Show all filings for MINHAS ENERGY CONSULTANTS, INC. | Request a Trial to NEW EDGAR Online Pro

Form 10-Q for MINHAS ENERGY CONSULTANTS, INC.


30-Jul-2008

Quarterly Report


ITEM 2. MANAGEMENT'S PLAN OF OPERATION

GENERAL OVERVIEW

Minhas Energy Consultants, Inc. (referred to as "Minhas", "us", "we" and "our") was incorporated on May 11, 2006, in the State of Nevada. Minhas's principal executive offices are located at Suite 110, 1915 - 27 Avenue NE Calgary Alberta T2E 7E4. Our telephone number is (403) 735-5009. We are a development stage company with no revenue and limited operations to date. There can be no assurance that we will generate revenues in the future, or that we will be able to operate profitably in the future, if at all. We have incurred net losses in each fiscal year since inception of our operations. Since becoming incorporated, we have not made any significant purchase or sale of assets, nor have we been involved in any mergers, acquisitions or consolidations. Our company has never declared bankruptcy, it has never been in receivership, and it has never been involved in any legal action or proceedings.

Subsequent to our incorporation, we focused our operations on providing professional engineering consulting services to the oil and gas industry, specifically on reservoir and petroleum engineering and engineering services related to the procurement and construction of infrastructure for the production and distribution of oil and gas.

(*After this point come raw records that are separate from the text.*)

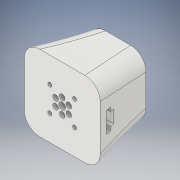
# Autodesk Inventor part: AA034
Saved by Autodesk Inventor 2017 SP1 (Build 210196100, 196)
## iProperties
Created: 2017-09-29
Part Number: AA034
Material: ABS Plastic
Document SubType Name: Modeling
Designer: Zach
Density: 1.06 g/cm^3
Appearance: CR White
Author: Zach
Autodesk Inventor part; units mm, degrees
ref_plane "XZ Plane" through (0, 0, 0) normal (0, 1, 0) x (-1, 0, 0)
ref_plane "XY Plane" through (0, 0, 0) normal (0, 0, 1) x (1, 0, 0)
sketch "Sketch1" plane through (0, 0, 0) normal (0, 0, 1) x (1, 0, 0)
  line L0 (0, 0) -> (70, 0)
  line L1 (70, 0) -> (70, 77.5)
  line L2 (70, 77.5) -> (0, 77.5)
  line L3 (0, 77.5) -> (0, 0)
  dimension "d0" = 70
  dimension "d1" = 77.5
  constraints: 8 end point, 2 parallel, 1 horizontal, 1 perpendicular
  measures "d0" distance of L2.end L1.end
  measures "d1" distance of L1.end L0.end
extrude "Extrusion1" add sketch "Sketch1" along normal blind 70
sketch "Sketch3" plane through (0, 0, 70) normal (0, 0, 1) x (1, 0, 0)
  line L0 (0, 0) -> (70, 0) projected
  line L1 (70, 77.5) -> (0, 77.5) projected
  line L2 (70, 0) -> (35, 0)
  line L3 (35, 0) -> (35, 77.5)
  line L4 (35, 77.5) -> (70, 77.5)
  line L5 (70, 77.5) -> (70, 0)
  constraints: 8 end point, 2 parallel, 1 horizontal, 1 midpoint, 1 perpendicular
extrude "Extrusion3" cut sketch "Sketch3" against normal through all
sketch "Sketch4" plane through (0, 77.5, 70) normal (0, 1, 0) x (1, 0, 0)
  line L0 (0, 70) -> (0, 0) projected
  line L1 (0, 0) -> (-12.5, 0)
  line L2 (35, 70) -> (0, 70) projected
  arc A0 (-12.5, 0) -> (0, 70) centre (-1137.8005, 237.0626) ccw
  line L3 (-12.5, -10) -> (35, -10) construction
  dimension "d9" = 1150
  dimension "d54" = 47.5
  dimension "d55" = 10
  constraints: 4 end point, 2 horizontal, 2 point on circle, 2 vertical alignment, 1 centre point
  measures "d9" radius of A0
  measures "d54" distance of L3.start L3.end
  measures "d55" distance between parallel lines of L1 L3
extrude "Extrusion4" add sketch "Sketch4" against normal blind 77.5
sketch "Sketch5" plane through (35, 0, 70) normal (1, 0, 0) x (0, 0, -1)
  line L0 (0, 77.5) -> (0, 86.25)
  line L1 (0, 0) -> (0, -8.75)
  line L2 (0, 0) -> (0, 77.5) projected
  line L3 (70, 77.5) -> (70, 0) projected
  arc A0 (0, 86.25) -> (70, 77.5) centre (177.5728, 1222.4577) ccw
  arc A1 (70, 0) -> (0, -8.75) centre (177.5728, -1144.9577) ccw
  line L4 (0, 77.5) -> (70, 77.5) projected
  line L5 (70, 0) -> (0, 0) projected
  line L6 (-10, 86.25) -> (-10, -8.75) construction
  point P0 (-10, 38.75)
  point P1 (0, 38.75)
  dimension "d14" = 1150
  dimension "d15" = 1150
  dimension "d52" = 10
  dimension "d53" = 95
  constraints: 6 end point, 4 point on circle, 3 horizontal alignment, 3 vertical, 2 centre point, 2 midpoint
  measures "d14" radius of A0
  measures "d15" radius of A1
  measures "d52" distance between parallel lines of L2 L6
  measures "d53" distance of L6.start L6.end
extrude "Extrusion5" add sketch "Sketch5" against normal blind 55 contours L0 A0 L4 | L5 A1 L1
sketch "Sketch6" plane through (-20, 0, 0) normal (0, 1, 0) x (1, 0, 0)
  line L0 (20, 0) -> (0, 0) projected
  line L1 (0, -70) -> (0, 0) projected
  arc A0 (7.5, -70) -> (20, 0) centre (-1117.8005, 167.0626) ccw projected
  line L2 (7.5, -70) -> (0, -70) projected
extrude "Extrusion6" cut sketch "Sketch6" along normal through all both and the other way through all
fillet "Fillet3" radius 19.35 2 edges at (-5.7463, 81.368, 35.3063) (-5.7463, -3.868, 35.3063)
sketch "Sketch39" plane through (0, 0, 70) normal (0, 0, 1) x (1, 0, 0)
  circle A0 centre (19.5, 54.25) radius 2.5
  circle A1 centre (19.5, 23.25) radius 2.5
  line L0 (35, 86.25) -> (35, -8.75) construction
  line L1 (35, 77.5) -> (35, 0) projected
  circle A2 centre (35, 38.75) radius 4.25
  line L2 (19.5, 54.25) -> (19.5, 23.25) construction
  point P0 (0, 0)
  point P1 (19.5, 38.75)
  dimension "d138" = 5
  dimension "d139" = 5
  dimension "d140" = 8.5
  dimension "d141" = 31
  dimension "d142" = 15.5
  constraints: 3 centre point, 3 midpoint, 2 end point, 1 horizontal alignment, 1 vertical, 1 vertical alignment
  measures "d138" diameter of A0
  measures "d139" diameter of A1
  measures "d140" diameter of A2
  measures "d141" distance of L2.start L2.end
  measures "d142" distance from line of A2.centre L2
extrude "Extrusion33" cut sketch "Sketch39" against normal through all
ref_plane "Work Plane7" through (0, 0, 60) normal (0, 0, 1) x (1, 0, 0)
sketch "Sketch41" plane through (0, 0, 60) normal (0, 0, 1) x (1, 0, 0)
  arc A0 (35, 43) -> (35, 34.5) centre (35, 38.75) ccw projected
  circle A1 centre (35, 38.75) radius 13
  point P0 (0, 0)
  dimension "d151" = 26
  constraints: 1 centre point, 1 coincident
  measures "d151" diameter of A1
extrude "Extrusion34" cut sketch "Sketch41" against normal blind 6
sketch "Sketch42" plane through (0, 0, 60) normal (0, 0, -1) x (-1, 0, 0)
  arc A0 (-35, 34.5) -> (-35, 43) centre (-35, 38.75) ccw projected
  circle A1 centre (-35, 38.75) radius 8
  point P0 (0, 0)
  dimension "d154" = 16
  constraints: 1 centre point, 1 coincident
  measures "d154" diameter of A1
extrude "Extrusion35" cut sketch "Sketch42" along normal blind 11
mirror "Mirror1" about plane through (35, 0, 70) normal (1, 0, 0)
ref_plane "Work Plane8" through (35, 86.25, 70) normal (1, 0, 0) x (0, 1, 0)
sketch "Sketch43" plane through (35, 86.25, 70) normal (1, 0, 0) x (0, 1, 0)
  line L0 (-34.5, -16) -> (-60.5, -16) projected
  line L1 (-60.5, -10) -> (-34.5, -10) projected
  line L2 (-39.5, -21) -> (-55.5, -21) projected
  line L3 (-55.5, -16) -> (-39.5, -16) projected
  line L4 (-55.5, -16) -> (-55.5, -21) projected
  line L5 (-60.5, -10) -> (-60.5, -16) projected
  line L6 (-39.5, -16) -> (-39.5, -21) projected
  line L7 (-34.5, -10) -> (-34.5, -16) projected
  point P0 (-86.25, -70)
extrude "Extrusion36" cut sketch "Sketch43" along normal through all
sketch "Sketch44" plane through (0, 0, 60) normal (0, 0, -1) x (-1, 0, 0)
  circle A0 centre (-35, 38.75) radius 4.25 projected
  circle A1 centre (-35, 48.2797) radius 1.5
  circle A2 centre (-43.253, 43.5149) radius 1.5
  circle A3 centre (-43.253, 33.9851) radius 1.5
  circle A4 centre (-35, 29.2203) radius 1.5
  circle A5 centre (-26.747, 33.9851) radius 1.5
  circle A6 centre (-26.747, 43.5149) radius 1.5
  point P0 (0, 0)
  dimension "d159" = 3
  dimension "d160" = 9.5297
  dimension "d163" = 360
  constraints: 6 centre point, 1 vertical alignment, 13 other
  measures "d159" diameter of A1
  measures "d160" distance of A0.centre A1.centre
extrude "Extrusion37" cut sketch "Sketch44" against normal through all contours A1 | A2 | A3 | A4 | A5 | A6
sketch "Sketch45" plane through (0, 0, 70) normal (0, 0, 1) x (1, 0, 0)
  circle A0 centre (35, 29.2203) radius 1.5 construction
  circle A1 centre (35, 29.2203) radius 3.5
  circle A2 centre (35, 38.75) radius 4.25 projected
  circle A3 centre (43.253, 33.9851) radius 3.5
  circle A4 centre (43.253, 43.5149) radius 3.5
  circle A5 centre (35, 48.2797) radius 3.5
  circle A6 centre (26.747, 43.5149) radius 3.5
  circle A7 centre (26.747, 33.9851) radius 3.5
  point P0 (0, 0)
  dimension "d167" = 7
  dimension "d170" = 360
  constraints: 6 centre point, 1 coincident, 13 other
  measures "d167" diameter of A1
extrude "Extrusion38" cut sketch "Sketch45" against normal blind 5
body "Solid1"
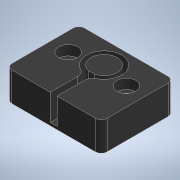
# Autodesk Inventor part: 19_Belt_holder
Saved by Autodesk Inventor 2022.2 (Build 262287010, 287A)
## iProperties
Created: 2022-04-30
Part Number: 19_Belt_holder
Material: PET-Kunststoff
Document SubType Name: Modeling
Designer: MXBD
Density: 1.541 g/cm^3
Appearance: Gummi - Schwarz
Author: MXBD
Autodesk Inventor part; units mm, degrees
ref_plane "YZ Plane" through (0, 0, 0) normal (1, 0, 0) x (0, 1, 0)
ref_plane "XZ Plane" through (0, 0, 0) normal (0, 1, 0) x (-1, 0, 0)
ref_plane "XY Plane" through (0, 0, 0) normal (0, 0, 1) x (1, 0, 0)
sketch "Skizze1" plane through (0, 0, 0) normal (0, 1, 0) x (-1, 0, 0)
  line L0 (-16.35, 12.5) -> (16.35, 12.5)
  line L1 (16.35, 12.5) -> (16.35, -12.5)
  line L2 (16.35, -12.5) -> (-16.35, -12.5)
  line L3 (-16.35, -12.5) -> (-16.35, 12.5)
  line L4 (-16.35, 12.5) -> (16.35, -12.5) construction
  line L5 (16.35, 12.5) -> (-16.35, -12.5) construction
  point P0 (0, 0)
  dimension "d0" = 32.7
  dimension "d1" = 25
  constraints: 12 end point, 2 midpoint, 2 parallel, 1 horizontal, 1 perpendicular
  measures "d0" distance of L1.end L2.end
  measures "d1" distance of L0.end L1.end
extrude "Extrusion1" add sketch "Skizze1" along normal blind 10
sketch "Skizze3" plane through (0, 10, 0) normal (0, 1, 0) x (1, 0, 0)
  line L0 (0, 17.5) -> (0, -17.5) projected
  line L1 (-16.35, -12.5) -> (16.35, -12.5) projected
  line L2 (-1.15, -12.5) -> (1.15, -12.5)
  line L3 (1.15, -12.5) -> (1.15, 0.5)
  line L4 (1.15, 0.5) -> (-1.15, 0.5)
  line L5 (-1.15, 0.5) -> (-1.15, -12.5)
  point P0 (0, 0)
  point P1 (1.15, -12.5)
  dimension "d11" = 2.3
  dimension "d12" = 13
  constraints: 8 end point, 2 parallel, 1 horizontal, 1 perpendicular, 1 point on line, 1 other
  measures "d11" distance between parallel lines of L3 L5
  measures "d12" distance between parallel lines of L1 L4
extrude "Extrusion2" cut sketch "Skizze3" against normal blind 9
sketch "Skizze4" plane through (0, 10, 0) normal (0, 1, 0) x (1, 0, 0)
  line L0 (-1.15, -12.5) -> (-1.15, 0.5) projected
  circle A0 centre (0, 4.8506) radius 4.5
  line L1 (0, 17.5) -> (0, -17.5) projected
  circle A1 centre (0, 4.8506) radius 6
  point P0 (0, 0)
  point P1 (-1.15, -1.0382)
  point P2 (0, 0.3506)
  point P3 (0, 10.8506)
  point P4 (0, 9.3506)
  point P5 (0, -1.1494)
  dimension "d16" = 9
  dimension "d17" = 1.5
  constraints: 1 centre point, 1 coincident, 1 point on line, 3 other
extrude "Extrusion3" cut sketch "Skizze4" against normal up to surface (9 mm away) contours A1 L1 A0 L0 | L0 A0 L1 A1 | A1 L1 A0
fillet "Rundung1" radius 3 2 edges at (-1.15, 5.5, 1.0382) (1.15, 5.5, 1.0382)
sketch "Skizze5" plane through (0, 10, 0) normal (0, 1, 0) x (1, 0, 0)
  line L0 (0, 17.5) -> (0, -17.5) projected
  line L1 (16.35, 12.5) -> (-16.35, 12.5) projected
  point P0 (0, 0)
  point P1 (-10, 2.5)
  point P2 (10, 2.5)
  dimension "d21" = 10
  dimension "d22" = 20
  constraints: 1 symmetric about line
  measures "d21" distance from line of point (-10, 2.5) L1
  measures "d22" distance of point (10, 2.5) point (-10, 2.5)
hole "Bohrung2" at (-10, 10, -2.5) at (10, 10, -2.5) direction (0, -1, 0) diameter 3.4 end through all counterbore diameter 6.5 counterbore depth 3.4 clearance for "Inbusschraube ISO 4762" size "M3" standard "ISO"
fillet "Rundung2" radius 2 4 edges at (16.35, 5, 12.5) (16.35, 5, -12.5) (-16.35, 5, -12.5) (-16.35, 5, 12.5)

We have not been successful in obtaining any contracts and we now have minimal cash for our operations.

During the second quarter, our management has been analyzing the various alternatives available to our company to ensure our survival and to preserve our shareholder's investment in our common shares. This analysis has included sourcing additional forms of financing to continue our business as is, or mergers and/or acquisitions which would likely involve a change of business. At this stage in our operations, we believe either course is acceptable, as our operations have not been profitable and our future prospects for our business are not good without further significant financing.

We are focusing our preliminary merger/acquisition analysis on potential business opportunities within the oil and gas industry. These may be established business entities or assets such as petroleum leases for which we will have to explore for hydrocarbons. In certain instances, a target may wish to become a subsidiary of our company or may wish to contribute assets to our company or a joint venture rather than merge. We anticipate that any new acquisition or business opportunity acquired by our company will require additional financing. There can be no assurance, however, that we will be able to acquire the financing necessary to enable us to pursue our plan of operation. If our company requires additional financing and we are unable to acquire such funds, our business may fail.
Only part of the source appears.